Other studies demonstrate possibilities for reaching a wider bandwidth behaviour in metamaterials. By exploiting solid inclusions in air, it is possible to reach a broad-band left- handed metamaterials [40]. Moreover, the band-gap can be controlled by scaling the geometry to suit another frequency range [41]. Metamaterials made by piezoelectric inclusions can also provide novel application. By varying the applied voltage level, a membrane of piezoelectric material embedded in a solid matrix changes its corresponding acoustic impedance [42]. Alternative studies on how to focus the sound with a metamaterial also exist. By changing the dimension along and the filling ratio of solid inclusions in air it is possible to fabricate a gradient index lenses. By changing the latter parameters, the focusing focal length can be tailored to particular applications [43]. Moreover, the geometry of the inclusions can be engineered with a genetic stochastic algorithm [44].

Highly anisotropic metamaterials can also be exploited to hide an object from an acoustic radar. Perforated plastic plates, which are well-suited to air coupled applications, or circuits of acoustic capacitors and inductors elements are capable of hiding a metal object – an example of acoustic cloaking [45]–[47] :

Figure 3.9: An example of 3D broadband acoustic cloaking (taken from ref [47]).
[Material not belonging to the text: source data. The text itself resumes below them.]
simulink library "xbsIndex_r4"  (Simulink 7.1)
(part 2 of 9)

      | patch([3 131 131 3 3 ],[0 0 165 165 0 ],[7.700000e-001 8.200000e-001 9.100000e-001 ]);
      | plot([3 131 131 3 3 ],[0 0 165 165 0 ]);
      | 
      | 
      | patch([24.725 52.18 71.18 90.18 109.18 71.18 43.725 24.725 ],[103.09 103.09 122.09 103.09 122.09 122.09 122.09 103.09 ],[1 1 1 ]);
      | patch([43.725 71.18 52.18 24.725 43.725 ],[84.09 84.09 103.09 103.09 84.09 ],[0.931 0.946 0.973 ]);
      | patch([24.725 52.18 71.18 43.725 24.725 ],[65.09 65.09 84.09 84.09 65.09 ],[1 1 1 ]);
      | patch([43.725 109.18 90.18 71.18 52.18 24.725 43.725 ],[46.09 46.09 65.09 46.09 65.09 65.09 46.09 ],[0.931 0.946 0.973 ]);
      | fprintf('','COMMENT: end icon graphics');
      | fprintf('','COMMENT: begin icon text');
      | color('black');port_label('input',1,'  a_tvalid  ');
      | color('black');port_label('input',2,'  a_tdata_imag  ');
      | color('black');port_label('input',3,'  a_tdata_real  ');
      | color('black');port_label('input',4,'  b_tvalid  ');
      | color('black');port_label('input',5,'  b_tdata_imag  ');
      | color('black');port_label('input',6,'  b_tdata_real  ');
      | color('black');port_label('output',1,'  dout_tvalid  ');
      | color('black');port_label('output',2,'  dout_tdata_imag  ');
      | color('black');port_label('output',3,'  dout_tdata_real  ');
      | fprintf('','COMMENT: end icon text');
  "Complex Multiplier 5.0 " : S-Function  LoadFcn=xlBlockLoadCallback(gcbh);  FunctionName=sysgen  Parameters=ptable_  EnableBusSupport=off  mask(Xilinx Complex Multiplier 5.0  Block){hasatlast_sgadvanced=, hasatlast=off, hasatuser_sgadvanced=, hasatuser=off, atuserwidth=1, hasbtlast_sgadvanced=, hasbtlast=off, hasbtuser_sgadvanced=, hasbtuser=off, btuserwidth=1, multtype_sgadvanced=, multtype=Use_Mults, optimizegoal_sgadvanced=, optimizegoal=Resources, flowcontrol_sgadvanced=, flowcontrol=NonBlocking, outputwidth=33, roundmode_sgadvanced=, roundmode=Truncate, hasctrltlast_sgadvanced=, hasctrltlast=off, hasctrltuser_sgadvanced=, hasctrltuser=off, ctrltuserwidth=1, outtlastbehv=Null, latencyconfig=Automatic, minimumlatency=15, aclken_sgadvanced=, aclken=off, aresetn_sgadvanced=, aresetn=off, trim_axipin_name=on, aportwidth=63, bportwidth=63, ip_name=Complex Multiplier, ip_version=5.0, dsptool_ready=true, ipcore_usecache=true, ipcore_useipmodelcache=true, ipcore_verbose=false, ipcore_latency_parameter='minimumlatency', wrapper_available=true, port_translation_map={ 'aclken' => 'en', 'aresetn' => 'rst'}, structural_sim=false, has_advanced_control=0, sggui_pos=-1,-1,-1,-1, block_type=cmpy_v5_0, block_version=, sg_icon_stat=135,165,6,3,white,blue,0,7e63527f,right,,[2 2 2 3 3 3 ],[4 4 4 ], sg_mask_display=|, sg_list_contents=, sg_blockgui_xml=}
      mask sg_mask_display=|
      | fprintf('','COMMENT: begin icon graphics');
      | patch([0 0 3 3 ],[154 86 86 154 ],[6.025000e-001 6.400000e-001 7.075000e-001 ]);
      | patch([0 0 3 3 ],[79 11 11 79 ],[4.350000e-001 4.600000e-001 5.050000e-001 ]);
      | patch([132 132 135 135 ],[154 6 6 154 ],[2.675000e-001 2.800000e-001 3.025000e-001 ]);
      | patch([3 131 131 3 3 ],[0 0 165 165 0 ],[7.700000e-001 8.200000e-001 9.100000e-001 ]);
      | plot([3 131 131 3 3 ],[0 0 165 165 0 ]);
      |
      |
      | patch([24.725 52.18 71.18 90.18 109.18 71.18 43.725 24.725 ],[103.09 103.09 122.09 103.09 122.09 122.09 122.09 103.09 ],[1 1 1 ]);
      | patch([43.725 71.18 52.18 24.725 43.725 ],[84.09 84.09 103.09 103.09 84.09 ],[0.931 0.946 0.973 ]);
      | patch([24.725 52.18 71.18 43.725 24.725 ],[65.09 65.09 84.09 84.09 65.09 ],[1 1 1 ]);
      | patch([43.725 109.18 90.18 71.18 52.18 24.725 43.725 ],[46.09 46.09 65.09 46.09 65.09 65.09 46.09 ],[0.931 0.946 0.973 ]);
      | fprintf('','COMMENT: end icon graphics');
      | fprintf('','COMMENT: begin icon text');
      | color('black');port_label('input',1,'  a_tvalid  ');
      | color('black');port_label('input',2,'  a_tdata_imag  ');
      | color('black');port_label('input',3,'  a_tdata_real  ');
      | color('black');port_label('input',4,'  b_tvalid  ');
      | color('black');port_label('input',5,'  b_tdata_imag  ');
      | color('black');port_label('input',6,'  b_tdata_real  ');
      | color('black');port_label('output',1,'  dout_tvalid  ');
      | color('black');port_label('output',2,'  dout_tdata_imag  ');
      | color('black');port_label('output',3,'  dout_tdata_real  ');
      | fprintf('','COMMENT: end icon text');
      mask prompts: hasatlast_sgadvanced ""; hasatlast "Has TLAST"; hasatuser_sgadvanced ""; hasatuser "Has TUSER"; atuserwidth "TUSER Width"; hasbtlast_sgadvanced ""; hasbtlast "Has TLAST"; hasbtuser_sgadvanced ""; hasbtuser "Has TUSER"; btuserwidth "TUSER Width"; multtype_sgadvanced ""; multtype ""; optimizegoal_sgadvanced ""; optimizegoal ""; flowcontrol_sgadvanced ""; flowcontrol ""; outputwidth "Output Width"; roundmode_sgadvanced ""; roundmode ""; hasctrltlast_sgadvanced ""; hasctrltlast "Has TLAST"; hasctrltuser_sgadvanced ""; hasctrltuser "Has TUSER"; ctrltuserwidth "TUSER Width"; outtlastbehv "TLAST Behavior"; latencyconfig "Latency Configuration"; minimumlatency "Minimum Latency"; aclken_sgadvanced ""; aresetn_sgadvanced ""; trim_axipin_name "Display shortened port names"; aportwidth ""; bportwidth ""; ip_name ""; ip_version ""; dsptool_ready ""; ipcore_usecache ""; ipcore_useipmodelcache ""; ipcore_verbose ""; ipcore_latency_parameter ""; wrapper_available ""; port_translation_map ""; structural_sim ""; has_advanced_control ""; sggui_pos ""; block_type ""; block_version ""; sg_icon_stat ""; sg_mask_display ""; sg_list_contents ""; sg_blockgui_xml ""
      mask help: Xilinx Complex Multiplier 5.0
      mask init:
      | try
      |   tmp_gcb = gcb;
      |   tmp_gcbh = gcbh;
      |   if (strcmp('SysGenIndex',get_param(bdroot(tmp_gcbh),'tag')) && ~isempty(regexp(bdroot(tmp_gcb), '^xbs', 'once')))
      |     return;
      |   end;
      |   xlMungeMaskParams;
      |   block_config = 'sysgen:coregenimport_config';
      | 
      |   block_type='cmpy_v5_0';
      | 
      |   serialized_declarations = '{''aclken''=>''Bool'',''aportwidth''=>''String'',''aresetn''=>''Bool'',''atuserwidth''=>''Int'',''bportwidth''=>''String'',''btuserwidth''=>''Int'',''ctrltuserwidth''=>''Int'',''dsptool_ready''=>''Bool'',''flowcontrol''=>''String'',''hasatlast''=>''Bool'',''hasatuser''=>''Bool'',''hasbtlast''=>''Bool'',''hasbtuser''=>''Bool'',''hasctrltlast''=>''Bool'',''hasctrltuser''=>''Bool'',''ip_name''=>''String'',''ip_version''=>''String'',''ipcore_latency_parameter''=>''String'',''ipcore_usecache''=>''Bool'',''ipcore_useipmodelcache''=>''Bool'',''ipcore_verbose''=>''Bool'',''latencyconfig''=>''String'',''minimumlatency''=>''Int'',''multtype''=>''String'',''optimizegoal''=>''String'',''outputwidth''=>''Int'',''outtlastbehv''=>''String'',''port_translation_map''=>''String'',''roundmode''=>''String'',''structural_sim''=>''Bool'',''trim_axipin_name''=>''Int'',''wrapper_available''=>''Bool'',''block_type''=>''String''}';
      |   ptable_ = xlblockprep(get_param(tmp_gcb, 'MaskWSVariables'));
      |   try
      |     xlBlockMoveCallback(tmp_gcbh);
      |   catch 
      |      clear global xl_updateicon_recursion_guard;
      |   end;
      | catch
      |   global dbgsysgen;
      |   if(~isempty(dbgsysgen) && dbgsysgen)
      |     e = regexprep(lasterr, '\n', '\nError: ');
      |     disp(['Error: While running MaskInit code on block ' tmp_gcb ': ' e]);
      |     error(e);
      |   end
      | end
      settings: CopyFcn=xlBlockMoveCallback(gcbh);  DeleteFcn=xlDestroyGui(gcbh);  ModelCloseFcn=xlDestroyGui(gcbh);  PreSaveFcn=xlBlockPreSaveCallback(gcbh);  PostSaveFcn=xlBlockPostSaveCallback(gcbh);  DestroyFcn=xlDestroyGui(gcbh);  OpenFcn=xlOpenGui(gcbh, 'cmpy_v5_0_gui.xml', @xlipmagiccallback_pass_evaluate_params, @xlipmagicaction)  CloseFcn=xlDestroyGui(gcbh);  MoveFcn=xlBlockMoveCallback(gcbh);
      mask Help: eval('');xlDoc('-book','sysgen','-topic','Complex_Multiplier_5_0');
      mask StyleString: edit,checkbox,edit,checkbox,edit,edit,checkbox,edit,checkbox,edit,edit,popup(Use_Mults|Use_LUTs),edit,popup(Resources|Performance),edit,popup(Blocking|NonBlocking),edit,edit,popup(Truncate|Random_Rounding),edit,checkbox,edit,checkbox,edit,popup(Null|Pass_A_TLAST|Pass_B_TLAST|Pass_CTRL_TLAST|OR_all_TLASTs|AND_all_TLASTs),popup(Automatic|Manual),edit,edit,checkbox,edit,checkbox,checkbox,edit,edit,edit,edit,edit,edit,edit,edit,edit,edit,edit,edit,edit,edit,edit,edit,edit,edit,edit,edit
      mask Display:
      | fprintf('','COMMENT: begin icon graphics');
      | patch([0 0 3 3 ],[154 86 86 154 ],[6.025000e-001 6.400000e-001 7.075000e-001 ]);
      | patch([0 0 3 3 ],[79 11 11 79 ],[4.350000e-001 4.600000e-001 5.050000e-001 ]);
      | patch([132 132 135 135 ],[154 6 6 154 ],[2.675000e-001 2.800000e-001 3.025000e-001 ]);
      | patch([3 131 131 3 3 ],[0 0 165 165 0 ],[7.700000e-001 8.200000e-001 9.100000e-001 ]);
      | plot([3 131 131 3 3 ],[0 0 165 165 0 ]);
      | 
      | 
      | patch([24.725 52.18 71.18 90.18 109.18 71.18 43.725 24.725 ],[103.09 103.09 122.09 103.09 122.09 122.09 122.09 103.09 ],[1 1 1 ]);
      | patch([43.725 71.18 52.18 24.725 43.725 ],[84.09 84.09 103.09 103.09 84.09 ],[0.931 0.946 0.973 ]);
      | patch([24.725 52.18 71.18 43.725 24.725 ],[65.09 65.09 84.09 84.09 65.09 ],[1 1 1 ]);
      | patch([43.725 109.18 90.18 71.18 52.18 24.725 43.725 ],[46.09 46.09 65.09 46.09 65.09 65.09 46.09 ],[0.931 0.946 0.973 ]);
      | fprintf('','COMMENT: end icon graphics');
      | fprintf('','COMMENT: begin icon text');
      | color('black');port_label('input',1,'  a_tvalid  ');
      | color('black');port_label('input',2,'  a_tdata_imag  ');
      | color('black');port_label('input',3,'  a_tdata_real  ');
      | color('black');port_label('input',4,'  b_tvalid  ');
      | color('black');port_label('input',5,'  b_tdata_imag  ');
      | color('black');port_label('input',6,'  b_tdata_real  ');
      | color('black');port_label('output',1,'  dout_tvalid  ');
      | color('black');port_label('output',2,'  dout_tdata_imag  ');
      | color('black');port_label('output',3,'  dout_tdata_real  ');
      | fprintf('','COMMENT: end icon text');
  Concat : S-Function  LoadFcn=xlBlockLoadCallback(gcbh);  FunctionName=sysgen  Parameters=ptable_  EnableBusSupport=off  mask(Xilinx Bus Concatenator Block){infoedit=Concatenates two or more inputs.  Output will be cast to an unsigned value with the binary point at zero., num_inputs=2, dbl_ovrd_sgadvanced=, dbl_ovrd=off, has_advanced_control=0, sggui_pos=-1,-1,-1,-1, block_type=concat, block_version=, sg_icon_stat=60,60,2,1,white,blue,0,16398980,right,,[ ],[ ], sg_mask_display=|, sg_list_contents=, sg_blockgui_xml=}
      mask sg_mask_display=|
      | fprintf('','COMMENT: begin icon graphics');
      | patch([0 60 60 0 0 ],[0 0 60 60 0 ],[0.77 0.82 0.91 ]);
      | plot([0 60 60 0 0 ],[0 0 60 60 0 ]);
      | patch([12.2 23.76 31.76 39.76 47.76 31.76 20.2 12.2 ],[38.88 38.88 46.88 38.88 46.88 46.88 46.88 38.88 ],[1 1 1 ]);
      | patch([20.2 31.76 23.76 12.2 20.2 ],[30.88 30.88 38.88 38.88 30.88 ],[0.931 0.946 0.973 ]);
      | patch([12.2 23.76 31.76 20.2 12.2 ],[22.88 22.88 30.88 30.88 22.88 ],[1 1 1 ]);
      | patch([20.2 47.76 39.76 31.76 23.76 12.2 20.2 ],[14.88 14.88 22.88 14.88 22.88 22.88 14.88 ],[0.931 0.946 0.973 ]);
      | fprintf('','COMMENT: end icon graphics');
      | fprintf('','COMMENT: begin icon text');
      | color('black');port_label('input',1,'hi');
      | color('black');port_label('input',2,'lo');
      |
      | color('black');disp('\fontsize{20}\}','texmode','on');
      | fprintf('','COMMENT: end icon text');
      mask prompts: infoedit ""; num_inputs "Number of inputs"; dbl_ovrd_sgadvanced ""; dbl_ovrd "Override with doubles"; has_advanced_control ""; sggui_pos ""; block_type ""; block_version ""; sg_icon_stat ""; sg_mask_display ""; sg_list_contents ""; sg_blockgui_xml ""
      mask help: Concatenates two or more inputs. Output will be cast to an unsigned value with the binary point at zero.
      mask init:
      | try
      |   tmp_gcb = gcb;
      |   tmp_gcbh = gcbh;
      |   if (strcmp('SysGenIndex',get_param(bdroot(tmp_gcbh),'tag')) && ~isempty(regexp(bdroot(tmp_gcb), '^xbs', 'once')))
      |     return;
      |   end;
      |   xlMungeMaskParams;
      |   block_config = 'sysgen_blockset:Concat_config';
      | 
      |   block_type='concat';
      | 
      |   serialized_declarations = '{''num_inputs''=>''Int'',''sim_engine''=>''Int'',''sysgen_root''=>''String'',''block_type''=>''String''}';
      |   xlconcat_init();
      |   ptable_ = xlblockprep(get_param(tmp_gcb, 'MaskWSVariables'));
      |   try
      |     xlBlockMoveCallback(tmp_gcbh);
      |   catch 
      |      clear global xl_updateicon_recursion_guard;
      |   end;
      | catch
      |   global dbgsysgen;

Since the resolution of measurements made in either medical ultrasound or NDT is limited to the wavelength of the ultrasonic wave by the natural diffraction limit, it is easy to understand that the use of high frequency ultrasonic signals increase the resolution of the ultrasonic inspection. In standard ultrasonic testing, broad-band coded signals such as Golay or Chirps can be used to enhance the resolution [48], as was described in Chapters 1 and 2. However, due to attenuation phenomena that affect the SNR, the frequency of the input signal cannot be increased arbitrarily. A trade-off exists between resolution and signal attenuation, and this must be taken into account for each measurement. Thus, the use of acoustic metamaterials could provide a possible way to avoid the frequency/attenuation constraint by creating focusing effects that could normally only be produced using higher frequencies.

Note that most applications of ultrasound occur at frequencies higher than those examined to date using such metamaterials, and there is still a need to build a metamaterial device that can be exploited at frequencies of up to 1 MHz or higher. So far, the limitations on the achievable metamaterial cell dimensions have forced researchers to produce metamaterial devices only in the low frequency acoustic range (100Hz to 20 kHz), and most often in air. As an example, to produce a Fabry-Pèrot metamaterial useful at 2 kHz, one has to be able to drill squared holes of 0.79 mm x 0.79 mm [27]. By rescaling the dimension to

suit higher frequency uses, it is evident that alternative ways to fabricate metamaterials have to be explored. This is a subject of a later chapter in this thesis.